## Excerpts from a dataset
+---+

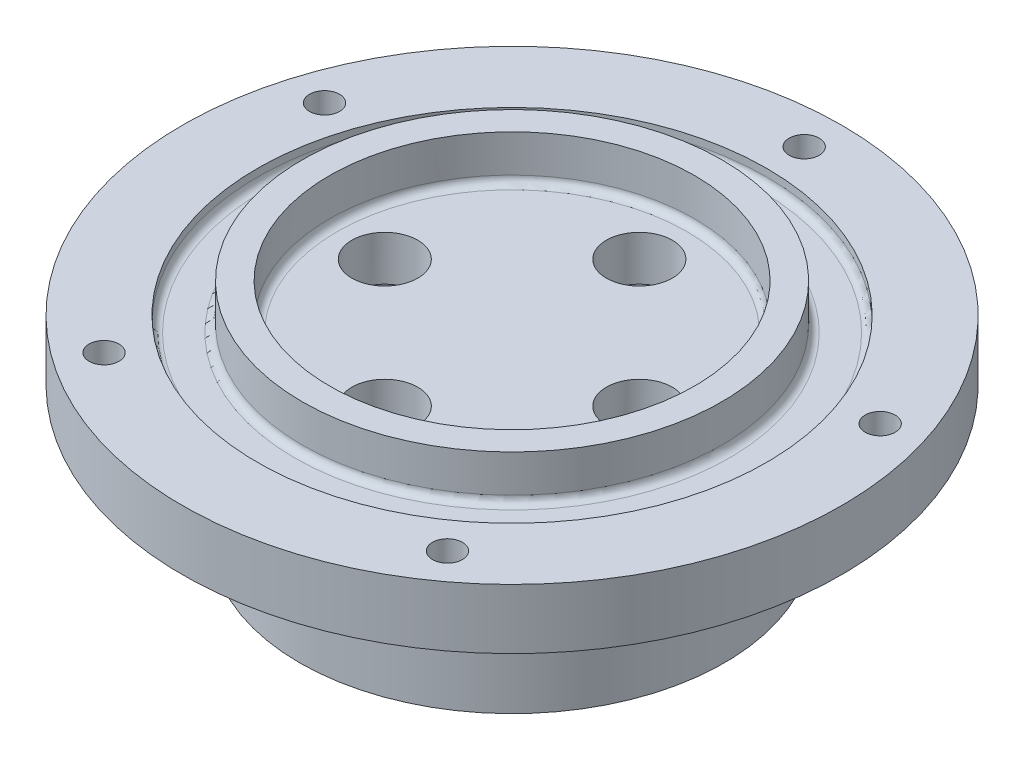
SolidWorks part; units mm, degrees
material "ASTM A36 Steel"
ref_plane "Front Plane" through (0, 0, 0) normal (0, 0, 1) x (1, 0, 0)
ref_plane "Top Plane" through (0, 0, 0) normal (0, 1, 0) x (1, 0, 0)
ref_plane "Right Plane" through (0, 0, 0) normal (1, 0, 0) x (0, 0, -1)
sketch "Sketch1" plane through (0, 0, 0) normal (0, 0, 1) x (1, 0, 0)
  line L0 (19.3357, -14.2875) -> (19.3357, 0)
  line L1 (55, 0) -> (-55, 0) construction
  line L2 (19.3357, 0) -> (0, 0)
  line L3 (0, 0) -> (0, 20.0604) construction
  line L4 (0, 4.7625) -> (19.3357, 4.7625)
  line L5 (19.3357, 4.7625) -> (19.3357, 9.525)
  line L6 (19.3357, 9.525) -> (22.225, 9.525)
  line L7 (22.225, 9.525) -> (22.225, 4.7625)
  line L8 (22.225, 4.7625) -> (26.9875, 4.7625)
  line L9 (34.925, 6.35) -> (34.925, 0)
  line L10 (34.925, 0) -> (22.5107, 0)
  line L11 (22.5107, 0) -> (22.5107, -14.2875)
  line L12 (22.5107, -14.2875) -> (19.3357, -14.2875)
  line L13 (26.9875, 4.7625) -> (26.9875, 6.35)
  line L14 (26.9875, 6.35) -> (34.925, 6.35)
  line L15 (0, 4.7625) -> (0, 0)
  dimension "D2" = 44.45
  dimension "D3" = 69.85
  dimension "D4" = 14.2875
  dimension "D5" = 14.2875
  dimension "D6" = 1.5875
  dimension "D7" = 4.7625
  dimension "D8" = 3.175
  dimension "D9" = 6.35
  dimension "D10" = 3.175
  dimension "D11" = 4.7625
  dimension "D12" = 2.8892
revolve "Revolve1" add sketch "Sketch1" angle 360 mid plane about L3
sketch "Sketch2" plane through (0, 4.7625, 0) normal (0, 1, 0) x (1, 0, 0)
  line L0 (13.4874, 0) -> (-13.4874, 0)
  line L1 (0, -13.4874) -> (0, 13.4874)
  circle A0 centre (-13.4874, 0) radius 3.4925
  circle A1 centre (0, 13.4874) radius 3.4925
  circle A2 centre (13.4874, 0) radius 3.4925
  circle A3 centre (0, -13.4874) radius 3.4925
  point P8 (0, 0)
  dimension "D2" = 6.985
  dimension "D1" = 13.4874
extrude "Cut-Extrude1" cut sketch "Sketch2" against normal through all contours A0 | A3 | A2 | A1
sketch "Sketch3" plane through (0, 6.35, 0) normal (0, 1, 0) x (1, 0, 0)
  line L0 (0, 34.925) -> (0, 26.9875) construction
  circle A0 centre (0, 0) radius 34.925 construction
  circle A1 centre (0, 0) radius 26.9875 construction
  circle A2 centre (0, 30.9562) radius 1.5875
  dimension "D1" = 3.175
extrude "Cut-Extrude2" cut sketch "Sketch3" against normal through all
ref_axis "Axis1" through (0, 14.7638, 0) along (0, -1, 0)
pattern_circular "CirPattern1" count 5 over 360 about axis through (0, 14.7638, 0) along (0, -1, 0) of "Cut-Extrude2"
fillet "Fillet1" radius 0.7937 4 edges at (0, 4.7625, -22.225) (0, 4.7625, -26.9875) (0, 4.7625, -19.3357) (0, 0, -19.3357)

+---+

## Work instructions
Going through the entries above, show each line that contains "against".

## Answer to the exercise
extrude "Cut-Extrude1" cut sketch "Sketch2" against normal through all contours A0 | A3 | A2 | A1
extrude "Cut-Extrude2" cut sketch "Sketch3" against normal through all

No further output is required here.